Copy the entries exactly. Their pictures do not belong in the copy.
*** DATA EXTRACT Section Begins ***
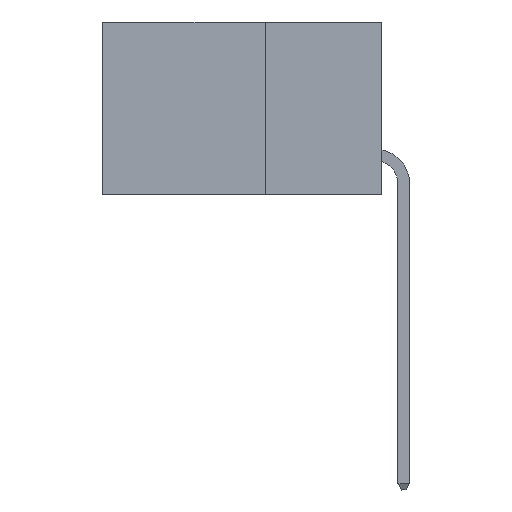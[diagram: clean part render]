
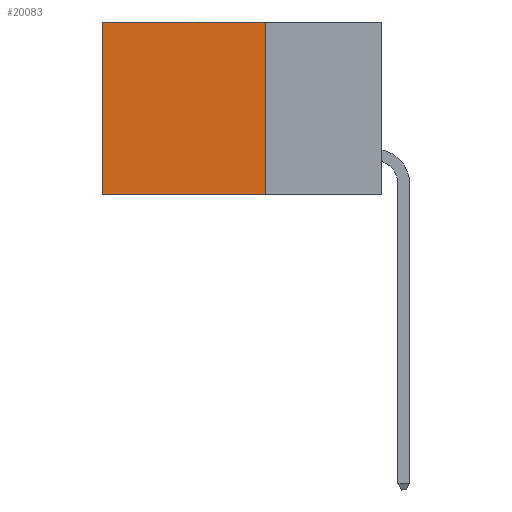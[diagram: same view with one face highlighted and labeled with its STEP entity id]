
A CAD part, left-side view. The second image highlights one B-rep face of the part: STEP entity #20083.
In plain terms, the highlighted planar face has unit normal (-1, 0, 0).
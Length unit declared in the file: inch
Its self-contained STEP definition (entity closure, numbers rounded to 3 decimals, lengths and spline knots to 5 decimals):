
#16 = CARTESIAN_POINT ( 'NONE',  ( 0.2875, 0.6, 0. ) ) ;
#1767 = ORIENTED_EDGE ( 'NONE', *, *, #4586, .F. ) ;
#1915 = ORIENTED_EDGE ( 'NONE', *, *, #47273, .F. ) ;
#2550 = LINE ( 'NONE', #24356, #35302 ) ;
#3962 = DIRECTION ( 'NONE',  ( 0., 1., 0. ) ) ;
#4586 = EDGE_CURVE ( 'NONE', #8882, #40677, #2550, .T. ) ;
#5468 = EDGE_CURVE ( 'NONE', #25205, #37633, #23553, .T. ) ;
#6094 = CARTESIAN_POINT ( 'NONE',  ( 0.2875, 0.25, 0. ) ) ;
#6144 = EDGE_CURVE ( 'NONE', #37633, #40677, #25199, .T. ) ;
#6260 = DIRECTION ( 'NONE',  ( 0., 0., -1. ) ) ;
#6356 = DIRECTION ( 'NONE',  ( 0., 0., -1. ) ) ;
#6722 = CARTESIAN_POINT ( 'NONE',  ( 0.2875, 0.25, -0.37 ) ) ;
#7699 = DIRECTION ( 'NONE',  ( 0., 0., -1. ) ) ;
#8882 = VERTEX_POINT ( 'NONE', #6722 ) ;
#9543 = EDGE_LOOP ( 'NONE', ( #21072, #1767, #1915, #30448 ) ) ;
#11883 = VECTOR ( 'NONE', #3962, 39.37008 ) ;
#12899 = VECTOR ( 'NONE', #7699, 39.37008 ) ;
#14776 = CARTESIAN_POINT ( 'NONE',  ( 0.2875, 0.6, 0. ) ) ;
#18050 = PLANE ( 'NONE',  #18310 ) ;
#18310 = AXIS2_PLACEMENT_3D ( 'NONE', #6094, #29006, #6260 ) ;
#20083 = ADVANCED_FACE ( 'NONE', ( #35889 ), #18050, .F. ) ;
#20589 = DIRECTION ( 'NONE',  ( 0., 1., 0. ) ) ;
#21072 = ORIENTED_EDGE ( 'NONE', *, *, #6144, .T. ) ;
#23443 = CARTESIAN_POINT ( 'NONE',  ( 0.2875, 0.25, 0. ) ) ;
#23553 = LINE ( 'NONE', #25911, #11883 ) ;
#24356 = CARTESIAN_POINT ( 'NONE',  ( 0.2875, 0.25, -0.37 ) ) ;
#25199 = LINE ( 'NONE', #14776, #12899 ) ;
#25205 = VERTEX_POINT ( 'NONE', #23443 ) ;
#25911 = CARTESIAN_POINT ( 'NONE',  ( 0.2875, 0.25, 0. ) ) ;
#29006 = DIRECTION ( 'NONE',  ( 1., 0., 0. ) ) ;
#30448 = ORIENTED_EDGE ( 'NONE', *, *, #5468, .T. ) ;
#35302 = VECTOR ( 'NONE', #20589, 39.37008 ) ;
#35889 = FACE_OUTER_BOUND ( 'NONE', #9543, .T. ) ;
#37538 = CARTESIAN_POINT ( 'NONE',  ( 0.2875, 0.6, -0.37 ) ) ;
#37633 = VERTEX_POINT ( 'NONE', #16 ) ;
#39879 = CARTESIAN_POINT ( 'NONE',  ( 0.2875, 0.25, 0. ) ) ;
#40677 = VERTEX_POINT ( 'NONE', #37538 ) ;
#43150 = LINE ( 'NONE', #39879, #43760 ) ;
#43760 = VECTOR ( 'NONE', #6356, 39.37008 ) ;
#47273 = EDGE_CURVE ( 'NONE', #25205, #8882, #43150, .T. ) ;
*** DATA EXTRACT Section Ends ***
**ANSWER SECTION**
[diagram: clean part render]
[diagram: same view with one face highlighted and labeled with its STEP entity id]
A CAD part, left-side view. The second image highlights one B-rep face of the part: STEP entity #20083.
In plain terms, the highlighted planar face has unit normal (-1, 0, 0).
Length unit declared in the file: inch
Its self-contained STEP definition (entity closure, numbers rounded to 3 decimals, lengths and spline knots to 5 decimals):
#16 = CARTESIAN_POINT ( 'NONE',  ( 0.2875, 0.6, 0. ) ) ;
#1767 = ORIENTED_EDGE ( 'NONE', *, *, #4586, .F. ) ;
#1915 = ORIENTED_EDGE ( 'NONE', *, *, #47273, .F. ) ;
#2550 = LINE ( 'NONE', #24356, #35302 ) ;
#3962 = DIRECTION ( 'NONE',  ( 0., 1., 0. ) ) ;
#4586 = EDGE_CURVE ( 'NONE', #8882, #40677, #2550, .T. ) ;
#5468 = EDGE_CURVE ( 'NONE', #25205, #37633, #23553, .T. ) ;
#6094 = CARTESIAN_POINT ( 'NONE',  ( 0.2875, 0.25, 0. ) ) ;
#6144 = EDGE_CURVE ( 'NONE', #37633, #40677, #25199, .T. ) ;
#6260 = DIRECTION ( 'NONE',  ( 0., 0., -1. ) ) ;
#6356 = DIRECTION ( 'NONE',  ( 0., 0., -1. ) ) ;
#6722 = CARTESIAN_POINT ( 'NONE',  ( 0.2875, 0.25, -0.37 ) ) ;
#7699 = DIRECTION ( 'NONE',  ( 0., 0., -1. ) ) ;
#8882 = VERTEX_POINT ( 'NONE', #6722 ) ;
#9543 = EDGE_LOOP ( 'NONE', ( #21072, #1767, #1915, #30448 ) ) ;
#11883 = VECTOR ( 'NONE', #3962, 39.37008 ) ;
#12899 = VECTOR ( 'NONE', #7699, 39.37008 ) ;
#14776 = CARTESIAN_POINT ( 'NONE',  ( 0.2875, 0.6, 0. ) ) ;
#18050 = PLANE ( 'NONE',  #18310 ) ;
#18310 = AXIS2_PLACEMENT_3D ( 'NONE', #6094, #29006, #6260 ) ;
#20083 = ADVANCED_FACE ( 'NONE', ( #35889 ), #18050, .F. ) ;
#20589 = DIRECTION ( 'NONE',  ( 0., 1., 0. ) ) ;
#21072 = ORIENTED_EDGE ( 'NONE', *, *, #6144, .T. ) ;
#23443 = CARTESIAN_POINT ( 'NONE',  ( 0.2875, 0.25, 0. ) ) ;
#23553 = LINE ( 'NONE', #25911, #11883 ) ;
#24356 = CARTESIAN_POINT ( 'NONE',  ( 0.2875, 0.25, -0.37 ) ) ;
#25199 = LINE ( 'NONE', #14776, #12899 ) ;
#25205 = VERTEX_POINT ( 'NONE', #23443 ) ;
#25911 = CARTESIAN_POINT ( 'NONE',  ( 0.2875, 0.25, 0. ) ) ;
#29006 = DIRECTION ( 'NONE',  ( 1., 0., 0. ) ) ;
#30448 = ORIENTED_EDGE ( 'NONE', *, *, #5468, .T. ) ;
#35302 = VECTOR ( 'NONE', #20589, 39.37008 ) ;
#35889 = FACE_OUTER_BOUND ( 'NONE', #9543, .T. ) ;
#37538 = CARTESIAN_POINT ( 'NONE',  ( 0.2875, 0.6, -0.37 ) ) ;
#37633 = VERTEX_POINT ( 'NONE', #16 ) ;
#39879 = CARTESIAN_POINT ( 'NONE',  ( 0.2875, 0.25, 0. ) ) ;
#40677 = VERTEX_POINT ( 'NONE', #37538 ) ;
#43150 = LINE ( 'NONE', #39879, #43760 ) ;
#43760 = VECTOR ( 'NONE', #6356, 39.37008 ) ;
#47273 = EDGE_CURVE ( 'NONE', #25205, #8882, #43150, .T. ) ;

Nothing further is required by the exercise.